# whats up



## wildky (Jun 6, 2010)

ok last year i got my 09 360 in Feb and the grips on it turned my hand black bout 3 months after i had it i got some gray moose grips and its time to replace them they leave funky stuff on my hands after a ride so my Q is what kinda grips do u all use?


----------



## byrd (Jul 14, 2009)

thats a good question that never gets asked. im still running stocks but they r in horrible shape so im with u on this one. who has some advice


----------



## lilbigtonka (Dec 30, 2008)

i have odi's and they are my fav by a long shot. look awesome and are much softer.....best of all no black stuff on your hands lol


----------



## NMKawierider (Apr 11, 2009)

ODIs or Spider Gels but... always use riding gloves. Better grip, hands stay clean, grips last longer. Lots of good gloves out there but I love my O'Neal Snipers the best.


----------



## bruteforce504 (Feb 10, 2010)

i have the ODI Rouge grips. they are awesome:bigok:


----------



## Roboquad (Sep 8, 2009)

next on my list . hate the black stuff.


----------



## Big D (Jun 23, 2009)

...um....Roboquad, the black stuff is called MUD. That's why you go out there


----------



## monsterbrute750 (Apr 13, 2010)

ProGrip.
They have a gel ingected palm area that helps relieve vibration in the handlebars.
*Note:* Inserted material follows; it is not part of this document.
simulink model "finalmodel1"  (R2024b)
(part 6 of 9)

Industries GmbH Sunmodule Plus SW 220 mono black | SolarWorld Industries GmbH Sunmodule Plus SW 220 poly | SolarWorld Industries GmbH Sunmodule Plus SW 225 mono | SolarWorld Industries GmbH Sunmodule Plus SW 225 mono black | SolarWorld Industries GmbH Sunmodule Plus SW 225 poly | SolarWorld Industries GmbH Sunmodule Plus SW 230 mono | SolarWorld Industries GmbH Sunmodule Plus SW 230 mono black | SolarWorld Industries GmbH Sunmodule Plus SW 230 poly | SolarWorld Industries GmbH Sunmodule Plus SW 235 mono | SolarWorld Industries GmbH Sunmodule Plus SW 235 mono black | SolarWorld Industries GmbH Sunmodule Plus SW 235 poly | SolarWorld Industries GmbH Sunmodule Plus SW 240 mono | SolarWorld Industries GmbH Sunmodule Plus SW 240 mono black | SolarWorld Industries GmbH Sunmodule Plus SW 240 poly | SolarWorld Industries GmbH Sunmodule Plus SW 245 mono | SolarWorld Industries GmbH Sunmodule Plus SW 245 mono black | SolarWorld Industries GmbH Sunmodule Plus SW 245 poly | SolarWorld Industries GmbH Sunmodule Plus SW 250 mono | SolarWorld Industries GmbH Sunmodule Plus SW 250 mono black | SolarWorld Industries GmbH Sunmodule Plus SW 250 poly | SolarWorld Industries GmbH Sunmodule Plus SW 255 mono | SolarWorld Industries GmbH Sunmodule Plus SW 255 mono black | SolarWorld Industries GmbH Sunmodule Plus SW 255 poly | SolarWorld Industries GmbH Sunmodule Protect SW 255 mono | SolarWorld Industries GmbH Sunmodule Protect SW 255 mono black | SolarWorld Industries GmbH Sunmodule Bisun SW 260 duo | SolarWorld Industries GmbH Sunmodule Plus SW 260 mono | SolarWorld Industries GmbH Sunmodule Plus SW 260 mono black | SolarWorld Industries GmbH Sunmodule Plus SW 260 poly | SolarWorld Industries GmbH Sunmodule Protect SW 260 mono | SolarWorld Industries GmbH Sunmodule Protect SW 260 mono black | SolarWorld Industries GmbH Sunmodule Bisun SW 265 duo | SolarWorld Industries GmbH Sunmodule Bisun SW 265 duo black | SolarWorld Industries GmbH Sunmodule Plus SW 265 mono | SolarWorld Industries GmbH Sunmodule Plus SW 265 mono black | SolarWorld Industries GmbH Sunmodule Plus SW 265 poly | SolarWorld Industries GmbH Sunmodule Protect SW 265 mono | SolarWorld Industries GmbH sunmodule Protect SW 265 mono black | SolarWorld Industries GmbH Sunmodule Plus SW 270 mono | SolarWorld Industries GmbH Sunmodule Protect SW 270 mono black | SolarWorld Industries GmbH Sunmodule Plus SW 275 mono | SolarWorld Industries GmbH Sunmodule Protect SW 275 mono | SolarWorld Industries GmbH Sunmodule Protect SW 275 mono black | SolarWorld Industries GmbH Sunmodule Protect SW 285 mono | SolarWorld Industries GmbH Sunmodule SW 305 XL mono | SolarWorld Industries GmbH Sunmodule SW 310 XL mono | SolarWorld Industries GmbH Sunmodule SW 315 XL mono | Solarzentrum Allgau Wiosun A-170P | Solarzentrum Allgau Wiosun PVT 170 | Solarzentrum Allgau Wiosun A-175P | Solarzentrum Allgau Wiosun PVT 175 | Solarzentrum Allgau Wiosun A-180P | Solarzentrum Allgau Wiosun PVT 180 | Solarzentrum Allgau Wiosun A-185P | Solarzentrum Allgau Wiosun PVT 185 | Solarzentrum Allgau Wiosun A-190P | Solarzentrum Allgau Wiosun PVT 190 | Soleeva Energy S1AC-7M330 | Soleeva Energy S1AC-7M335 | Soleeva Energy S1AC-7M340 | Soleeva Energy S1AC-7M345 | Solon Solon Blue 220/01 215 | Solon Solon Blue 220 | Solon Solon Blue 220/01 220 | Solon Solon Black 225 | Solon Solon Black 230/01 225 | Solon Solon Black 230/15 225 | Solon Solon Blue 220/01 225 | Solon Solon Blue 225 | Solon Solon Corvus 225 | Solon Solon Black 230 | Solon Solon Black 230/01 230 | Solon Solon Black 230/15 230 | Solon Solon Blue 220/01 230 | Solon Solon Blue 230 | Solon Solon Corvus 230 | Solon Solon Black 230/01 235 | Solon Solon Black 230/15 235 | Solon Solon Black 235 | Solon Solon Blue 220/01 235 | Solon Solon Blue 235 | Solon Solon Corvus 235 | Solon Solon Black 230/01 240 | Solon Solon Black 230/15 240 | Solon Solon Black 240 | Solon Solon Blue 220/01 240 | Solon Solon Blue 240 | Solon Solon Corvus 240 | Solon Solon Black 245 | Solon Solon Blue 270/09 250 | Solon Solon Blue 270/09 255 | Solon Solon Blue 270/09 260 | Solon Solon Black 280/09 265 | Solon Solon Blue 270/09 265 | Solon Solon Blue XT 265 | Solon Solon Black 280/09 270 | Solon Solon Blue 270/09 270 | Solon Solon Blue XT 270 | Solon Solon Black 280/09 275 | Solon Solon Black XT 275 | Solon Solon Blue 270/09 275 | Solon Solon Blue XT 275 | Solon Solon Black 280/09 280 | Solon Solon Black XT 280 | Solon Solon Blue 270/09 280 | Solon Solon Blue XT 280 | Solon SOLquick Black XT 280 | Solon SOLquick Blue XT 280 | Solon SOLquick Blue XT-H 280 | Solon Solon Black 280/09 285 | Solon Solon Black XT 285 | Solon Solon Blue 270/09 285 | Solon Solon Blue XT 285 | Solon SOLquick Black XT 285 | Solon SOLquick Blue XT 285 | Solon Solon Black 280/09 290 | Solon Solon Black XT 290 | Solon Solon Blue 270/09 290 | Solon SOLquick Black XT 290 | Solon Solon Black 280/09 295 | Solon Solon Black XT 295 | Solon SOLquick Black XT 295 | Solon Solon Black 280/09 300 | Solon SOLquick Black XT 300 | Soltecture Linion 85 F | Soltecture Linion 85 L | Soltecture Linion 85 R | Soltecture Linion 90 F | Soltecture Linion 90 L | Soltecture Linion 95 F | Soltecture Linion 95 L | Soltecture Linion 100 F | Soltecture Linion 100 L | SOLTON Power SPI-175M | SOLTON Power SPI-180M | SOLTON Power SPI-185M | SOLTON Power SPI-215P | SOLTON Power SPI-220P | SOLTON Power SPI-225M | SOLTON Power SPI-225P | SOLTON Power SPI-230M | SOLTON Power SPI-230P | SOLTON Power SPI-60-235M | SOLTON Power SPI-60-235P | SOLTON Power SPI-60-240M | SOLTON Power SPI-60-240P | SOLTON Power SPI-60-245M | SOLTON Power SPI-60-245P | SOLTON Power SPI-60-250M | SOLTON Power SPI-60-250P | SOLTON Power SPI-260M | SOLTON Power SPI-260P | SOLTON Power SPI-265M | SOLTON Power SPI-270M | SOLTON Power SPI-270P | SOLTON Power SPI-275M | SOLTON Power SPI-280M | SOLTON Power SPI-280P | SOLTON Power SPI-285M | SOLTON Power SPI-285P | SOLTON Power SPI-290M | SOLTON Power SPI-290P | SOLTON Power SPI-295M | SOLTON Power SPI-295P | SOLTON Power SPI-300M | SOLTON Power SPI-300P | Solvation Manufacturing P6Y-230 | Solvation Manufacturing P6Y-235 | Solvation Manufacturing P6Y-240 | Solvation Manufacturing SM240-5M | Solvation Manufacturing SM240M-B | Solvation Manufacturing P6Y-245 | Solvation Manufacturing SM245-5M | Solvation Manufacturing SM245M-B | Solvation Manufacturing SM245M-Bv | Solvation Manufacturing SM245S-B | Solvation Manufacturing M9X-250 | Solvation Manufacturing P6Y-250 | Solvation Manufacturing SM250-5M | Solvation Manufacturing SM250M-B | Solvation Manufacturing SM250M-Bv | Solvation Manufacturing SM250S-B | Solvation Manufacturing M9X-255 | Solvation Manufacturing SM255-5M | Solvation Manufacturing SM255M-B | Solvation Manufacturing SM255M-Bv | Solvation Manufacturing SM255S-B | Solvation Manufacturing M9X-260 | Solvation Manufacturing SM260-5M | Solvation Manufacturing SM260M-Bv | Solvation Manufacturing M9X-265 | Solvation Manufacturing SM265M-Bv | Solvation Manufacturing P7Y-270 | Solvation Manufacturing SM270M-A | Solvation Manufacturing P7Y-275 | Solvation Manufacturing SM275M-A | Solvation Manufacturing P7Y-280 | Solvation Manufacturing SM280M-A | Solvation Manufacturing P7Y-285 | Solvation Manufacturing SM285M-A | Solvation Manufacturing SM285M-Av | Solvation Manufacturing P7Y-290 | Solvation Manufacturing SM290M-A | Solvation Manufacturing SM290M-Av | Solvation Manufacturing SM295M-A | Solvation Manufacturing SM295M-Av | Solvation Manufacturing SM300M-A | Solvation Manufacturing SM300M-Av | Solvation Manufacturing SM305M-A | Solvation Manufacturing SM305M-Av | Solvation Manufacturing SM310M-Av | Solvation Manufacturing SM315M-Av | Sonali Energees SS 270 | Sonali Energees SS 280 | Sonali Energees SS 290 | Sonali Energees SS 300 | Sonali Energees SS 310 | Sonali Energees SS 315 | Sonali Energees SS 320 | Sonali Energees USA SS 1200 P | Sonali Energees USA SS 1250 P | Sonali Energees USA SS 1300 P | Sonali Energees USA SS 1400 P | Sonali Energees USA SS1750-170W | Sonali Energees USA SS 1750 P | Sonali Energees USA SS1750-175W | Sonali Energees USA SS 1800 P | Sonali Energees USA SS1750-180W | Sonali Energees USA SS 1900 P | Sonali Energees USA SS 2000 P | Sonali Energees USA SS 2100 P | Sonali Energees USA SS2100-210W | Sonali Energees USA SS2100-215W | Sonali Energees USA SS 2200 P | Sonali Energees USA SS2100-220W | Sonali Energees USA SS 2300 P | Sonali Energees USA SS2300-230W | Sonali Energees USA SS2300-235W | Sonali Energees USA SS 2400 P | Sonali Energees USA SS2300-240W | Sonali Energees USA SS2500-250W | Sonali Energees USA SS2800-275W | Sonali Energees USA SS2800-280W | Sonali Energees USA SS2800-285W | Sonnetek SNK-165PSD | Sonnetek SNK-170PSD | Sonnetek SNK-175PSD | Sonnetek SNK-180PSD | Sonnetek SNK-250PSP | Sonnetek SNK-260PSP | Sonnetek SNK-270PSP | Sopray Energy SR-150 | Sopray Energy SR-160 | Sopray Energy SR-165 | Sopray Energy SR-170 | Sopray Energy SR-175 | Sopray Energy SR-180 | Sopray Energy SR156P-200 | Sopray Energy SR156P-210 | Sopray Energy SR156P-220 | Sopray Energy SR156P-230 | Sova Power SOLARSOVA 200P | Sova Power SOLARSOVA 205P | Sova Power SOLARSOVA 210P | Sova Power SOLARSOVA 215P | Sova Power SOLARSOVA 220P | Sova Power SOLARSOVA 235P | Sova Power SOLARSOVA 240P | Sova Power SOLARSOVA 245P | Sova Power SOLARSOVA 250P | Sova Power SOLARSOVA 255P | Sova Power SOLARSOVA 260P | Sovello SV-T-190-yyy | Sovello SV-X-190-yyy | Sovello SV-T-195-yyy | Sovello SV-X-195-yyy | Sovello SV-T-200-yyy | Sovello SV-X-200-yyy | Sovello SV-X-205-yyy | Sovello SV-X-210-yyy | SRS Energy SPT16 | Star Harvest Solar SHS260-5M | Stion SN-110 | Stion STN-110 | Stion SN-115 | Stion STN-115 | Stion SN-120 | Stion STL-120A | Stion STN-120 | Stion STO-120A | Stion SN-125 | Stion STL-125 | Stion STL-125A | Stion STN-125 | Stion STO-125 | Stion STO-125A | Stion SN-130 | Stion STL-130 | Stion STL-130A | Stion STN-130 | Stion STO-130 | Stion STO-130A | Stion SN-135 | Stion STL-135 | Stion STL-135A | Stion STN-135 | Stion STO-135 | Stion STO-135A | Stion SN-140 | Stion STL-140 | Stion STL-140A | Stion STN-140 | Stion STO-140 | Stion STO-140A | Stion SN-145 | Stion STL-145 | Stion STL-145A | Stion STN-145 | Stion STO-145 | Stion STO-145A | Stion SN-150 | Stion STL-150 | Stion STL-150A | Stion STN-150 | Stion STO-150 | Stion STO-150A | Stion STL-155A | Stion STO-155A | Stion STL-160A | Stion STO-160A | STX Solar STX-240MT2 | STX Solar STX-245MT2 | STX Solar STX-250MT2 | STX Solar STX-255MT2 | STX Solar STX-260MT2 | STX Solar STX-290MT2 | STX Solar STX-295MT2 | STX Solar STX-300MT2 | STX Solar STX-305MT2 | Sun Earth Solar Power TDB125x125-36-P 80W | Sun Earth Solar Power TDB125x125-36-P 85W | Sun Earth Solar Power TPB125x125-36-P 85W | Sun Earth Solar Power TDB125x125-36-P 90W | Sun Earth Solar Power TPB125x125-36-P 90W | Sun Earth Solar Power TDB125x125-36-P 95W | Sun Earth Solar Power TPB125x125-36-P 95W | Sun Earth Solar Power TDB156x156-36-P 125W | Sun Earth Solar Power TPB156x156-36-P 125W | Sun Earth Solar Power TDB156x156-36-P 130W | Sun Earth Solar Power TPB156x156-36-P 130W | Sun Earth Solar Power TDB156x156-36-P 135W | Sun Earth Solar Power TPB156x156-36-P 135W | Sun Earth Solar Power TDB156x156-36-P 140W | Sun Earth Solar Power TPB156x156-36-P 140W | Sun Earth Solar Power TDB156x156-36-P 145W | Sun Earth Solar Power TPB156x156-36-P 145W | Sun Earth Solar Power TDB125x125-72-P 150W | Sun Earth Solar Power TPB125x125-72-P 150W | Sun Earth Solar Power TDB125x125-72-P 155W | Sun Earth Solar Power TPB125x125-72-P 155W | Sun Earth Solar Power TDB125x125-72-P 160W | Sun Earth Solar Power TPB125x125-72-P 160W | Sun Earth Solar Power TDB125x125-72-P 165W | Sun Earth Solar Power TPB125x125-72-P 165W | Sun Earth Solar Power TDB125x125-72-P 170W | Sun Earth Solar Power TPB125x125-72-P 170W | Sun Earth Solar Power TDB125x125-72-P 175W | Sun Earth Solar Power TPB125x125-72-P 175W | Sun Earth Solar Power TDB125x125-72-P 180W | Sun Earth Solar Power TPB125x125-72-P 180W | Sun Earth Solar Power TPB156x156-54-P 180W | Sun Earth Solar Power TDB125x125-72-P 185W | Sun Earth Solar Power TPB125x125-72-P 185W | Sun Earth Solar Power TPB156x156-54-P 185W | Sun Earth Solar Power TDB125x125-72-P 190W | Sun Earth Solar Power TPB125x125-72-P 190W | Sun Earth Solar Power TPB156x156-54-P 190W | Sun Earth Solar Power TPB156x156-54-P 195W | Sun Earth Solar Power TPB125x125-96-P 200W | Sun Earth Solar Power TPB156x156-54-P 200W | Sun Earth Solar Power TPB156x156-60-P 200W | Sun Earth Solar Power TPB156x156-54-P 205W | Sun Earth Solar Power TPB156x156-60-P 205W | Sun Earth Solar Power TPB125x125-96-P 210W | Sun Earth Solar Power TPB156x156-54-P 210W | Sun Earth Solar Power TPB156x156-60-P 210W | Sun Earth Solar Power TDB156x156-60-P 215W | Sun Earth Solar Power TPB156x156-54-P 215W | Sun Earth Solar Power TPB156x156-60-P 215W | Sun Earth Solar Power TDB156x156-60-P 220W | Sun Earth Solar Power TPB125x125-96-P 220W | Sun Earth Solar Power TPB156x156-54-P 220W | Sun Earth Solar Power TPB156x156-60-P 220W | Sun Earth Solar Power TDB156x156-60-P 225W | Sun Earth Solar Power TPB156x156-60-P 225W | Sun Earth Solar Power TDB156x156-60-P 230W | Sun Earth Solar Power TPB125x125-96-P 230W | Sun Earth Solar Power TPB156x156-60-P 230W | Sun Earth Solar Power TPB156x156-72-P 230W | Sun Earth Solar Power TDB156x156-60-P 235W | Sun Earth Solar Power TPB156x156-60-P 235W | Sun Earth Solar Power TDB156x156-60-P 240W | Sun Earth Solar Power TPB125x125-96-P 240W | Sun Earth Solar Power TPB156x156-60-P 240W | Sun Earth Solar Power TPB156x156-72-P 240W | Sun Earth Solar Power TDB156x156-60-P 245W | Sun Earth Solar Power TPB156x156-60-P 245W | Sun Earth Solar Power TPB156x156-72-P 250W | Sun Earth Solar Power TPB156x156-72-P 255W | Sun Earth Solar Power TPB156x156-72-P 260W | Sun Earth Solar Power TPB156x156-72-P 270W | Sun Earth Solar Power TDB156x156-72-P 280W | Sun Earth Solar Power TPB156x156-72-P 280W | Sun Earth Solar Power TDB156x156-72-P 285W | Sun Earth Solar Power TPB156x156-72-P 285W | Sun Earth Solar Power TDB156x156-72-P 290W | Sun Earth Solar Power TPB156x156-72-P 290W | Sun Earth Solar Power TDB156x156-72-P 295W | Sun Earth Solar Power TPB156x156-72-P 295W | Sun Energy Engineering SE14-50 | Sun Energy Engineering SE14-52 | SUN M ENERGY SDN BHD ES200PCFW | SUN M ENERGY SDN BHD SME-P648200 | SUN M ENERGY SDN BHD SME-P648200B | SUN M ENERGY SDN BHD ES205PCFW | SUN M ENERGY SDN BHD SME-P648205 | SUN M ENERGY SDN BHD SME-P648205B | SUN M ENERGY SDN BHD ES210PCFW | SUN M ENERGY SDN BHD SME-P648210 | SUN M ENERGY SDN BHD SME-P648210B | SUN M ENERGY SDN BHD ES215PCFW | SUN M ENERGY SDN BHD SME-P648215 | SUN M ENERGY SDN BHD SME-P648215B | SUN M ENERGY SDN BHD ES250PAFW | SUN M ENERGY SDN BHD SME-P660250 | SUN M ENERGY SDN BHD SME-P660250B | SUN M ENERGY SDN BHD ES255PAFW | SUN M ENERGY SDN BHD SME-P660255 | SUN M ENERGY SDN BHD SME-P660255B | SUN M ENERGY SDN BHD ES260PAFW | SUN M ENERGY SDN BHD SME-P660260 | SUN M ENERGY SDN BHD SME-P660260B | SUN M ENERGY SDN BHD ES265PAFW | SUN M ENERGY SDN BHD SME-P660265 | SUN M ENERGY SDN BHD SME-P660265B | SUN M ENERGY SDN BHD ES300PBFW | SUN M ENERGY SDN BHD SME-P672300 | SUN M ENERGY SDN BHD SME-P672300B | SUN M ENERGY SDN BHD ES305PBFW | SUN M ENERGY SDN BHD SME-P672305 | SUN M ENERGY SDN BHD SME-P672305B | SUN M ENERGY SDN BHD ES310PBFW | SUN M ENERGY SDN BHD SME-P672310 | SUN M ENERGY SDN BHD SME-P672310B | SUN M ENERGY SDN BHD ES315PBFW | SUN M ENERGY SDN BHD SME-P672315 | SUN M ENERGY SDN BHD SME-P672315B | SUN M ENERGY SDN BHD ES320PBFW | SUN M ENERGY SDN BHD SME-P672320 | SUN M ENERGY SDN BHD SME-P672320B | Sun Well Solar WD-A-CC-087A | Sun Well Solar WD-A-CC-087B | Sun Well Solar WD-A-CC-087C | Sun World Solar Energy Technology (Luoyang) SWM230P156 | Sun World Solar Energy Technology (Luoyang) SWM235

They are available in just about any color you could imagine.


----------



## HondaGuy (Mar 2, 2010)

ODIs!


----------



## Polaris425 (Dec 16, 2004)

byrd said:


> thats a good question that never gets asked. im still running stocks but they r in horrible shape so im with u on this one. who has some advice


Actually.............  There's have been threads here before :rockn:

2 pages... search works GREAT

http://www.mudinmyblood.net/forum/showthread.php?t=6076&highlight=Grips


----------